◆ **REQUIRED WORK**:
Leave out the pictures and transcribe every entry below exactly.

○ ○ ○

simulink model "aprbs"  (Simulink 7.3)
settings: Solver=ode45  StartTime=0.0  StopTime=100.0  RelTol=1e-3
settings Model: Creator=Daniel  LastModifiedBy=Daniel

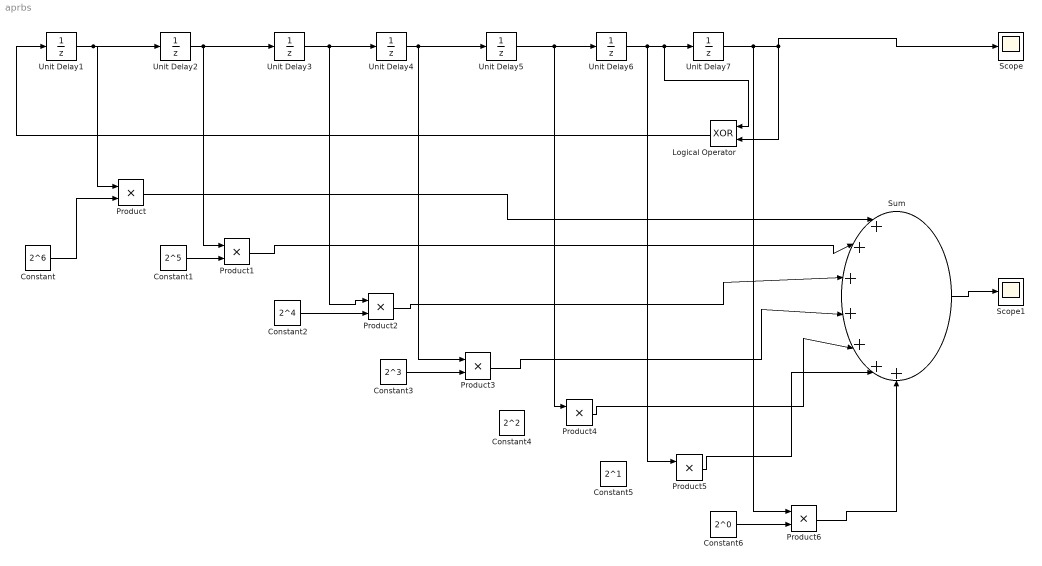
== system aprbs ==
  Constant : Constant  Value=2^6  OutDataType=fixdt(1, 16)  OutScaling=2^0
  Constant1 : Constant  Value=2^5  OutDataType=fixdt(1, 16)  OutScaling=2^0
  Constant2 : Constant  Value=2^4  OutDataType=fixdt(1, 16)  OutScaling=2^0
  Constant3 : Constant  Value=2^3  OutDataType=fixdt(1, 16)  OutScaling=2^0
  Constant4 : Constant  Value=2^2  OutDataType=fixdt(1, 16)  OutScaling=2^0
  Constant5 : Constant  Value=2^1  OutDataType=fixdt(1, 16)  OutScaling=2^0
  Constant6 : Constant  Value=2^0  OutDataType=fixdt(1, 16)  OutScaling=2^0
  Logical Operator : Logic  Operator=XOR  AllPortsSameDT=off  OutDataTypeMode=boolean  LogicDataType=fixdt(0, 8)  OutDataTypeStr=boolean
  Product{,1..6} (7 alike) : Product  OutDataType=fixdt(1, 16)  OutScaling=2^0  RndMeth=Zero
  Scope : Scope
      settings: DataFormat=Array
  Scope1 : Scope
  Sum : Sum  Inputs=|+++++++  OutDataType=fixdt(1, 16)  OutScaling=2^0
  Unit Delay{1..7} (7 alike) : UnitDelay  X0=1
  wires:
  Unit Delay1/1 -> Unit Delay2/1, Product/1
  Unit Delay2/1 -> Unit Delay3/1, Product1/1
  Unit Delay3/1 -> Unit Delay4/1, Product2/1
  Unit Delay4/1 -> Unit Delay5/1, Product3/1
  Unit Delay5/1 -> Unit Delay6/1, Product4/1
  Logical Operator/1 -> Unit Delay1/1
  Unit Delay6/1 -> Unit Delay7/1, Logical Operator/1, Product5/1
  Unit Delay7/1 -> Logical Operator/2, Scope/1, Product6/1
  Product/1 -> Sum/1
  Product1/1 -> Sum/2
  Product2/1 -> Sum/3
  Product3/1 -> Sum/4
  Product4/1 -> Sum/5
  Product5/1 -> Sum/6
  Product6/1 -> Sum/7
  Constant/1 -> Product/2
  Constant1/1 -> Product1/2
  Constant2/1 -> Product2/2
  Constant3/1 -> Product3/2
  Constant6/1 -> Product6/2
  Sum/1 -> Scope1/1

○ ○ ○

◆ **EXERCISE SOLUTION**:
simulink model "aprbs"  (Simulink 7.3)
settings: Solver=ode45  StartTime=0.0  StopTime=100.0  RelTol=1e-3
settings Model: Creator=Daniel  LastModifiedBy=Daniel

== system aprbs ==
  Constant : Constant  Value=2^6  OutDataType=fixdt(1, 16)  OutScaling=2^0
  Constant1 : Constant  Value=2^5  OutDataType=fixdt(1, 16)  OutScaling=2^0
  Constant2 : Constant  Value=2^4  OutDataType=fixdt(1, 16)  OutScaling=2^0
  Constant3 : Constant  Value=2^3  OutDataType=fixdt(1, 16)  OutScaling=2^0
  Constant4 : Constant  Value=2^2  OutDataType=fixdt(1, 16)  OutScaling=2^0
  Constant5 : Constant  Value=2^1  OutDataType=fixdt(1, 16)  OutScaling=2^0
  Constant6 : Constant  Value=2^0  OutDataType=fixdt(1, 16)  OutScaling=2^0
  Logical Operator : Logic  Operator=XOR  AllPortsSameDT=off  OutDataTypeMode=boolean  LogicDataType=fixdt(0, 8)  OutDataTypeStr=boolean
  Product{,1..6} (7 alike) : Product  OutDataType=fixdt(1, 16)  OutScaling=2^0  RndMeth=Zero
  Scope : Scope
      settings: DataFormat=Array
  Scope1 : Scope
  Sum : Sum  Inputs=|+++++++  OutDataType=fixdt(1, 16)  OutScaling=2^0
  Unit Delay{1..7} (7 alike) : UnitDelay  X0=1
  wires:
  Unit Delay1/1 -> Unit Delay2/1, Product/1
  Unit Delay2/1 -> Unit Delay3/1, Product1/1
  Unit Delay3/1 -> Unit Delay4/1, Product2/1
  Unit Delay4/1 -> Unit Delay5/1, Product3/1
  Unit Delay5/1 -> Unit Delay6/1, Product4/1
  Logical Operator/1 -> Unit Delay1/1
  Unit Delay6/1 -> Unit Delay7/1, Logical Operator/1, Product5/1
  Unit Delay7/1 -> Logical Operator/2, Scope/1, Product6/1
  Product/1 -> Sum/1
  Product1/1 -> Sum/2
  Product2/1 -> Sum/3
  Product3/1 -> Sum/4
  Product4/1 -> Sum/5
  Product5/1 -> Sum/6
  Product6/1 -> Sum/7
  Constant/1 -> Product/2
  Constant1/1 -> Product1/2
  Constant2/1 -> Product2/2
  Constant3/1 -> Product3/2
  Constant6/1 -> Product6/2
  Sum/1 -> Scope1/1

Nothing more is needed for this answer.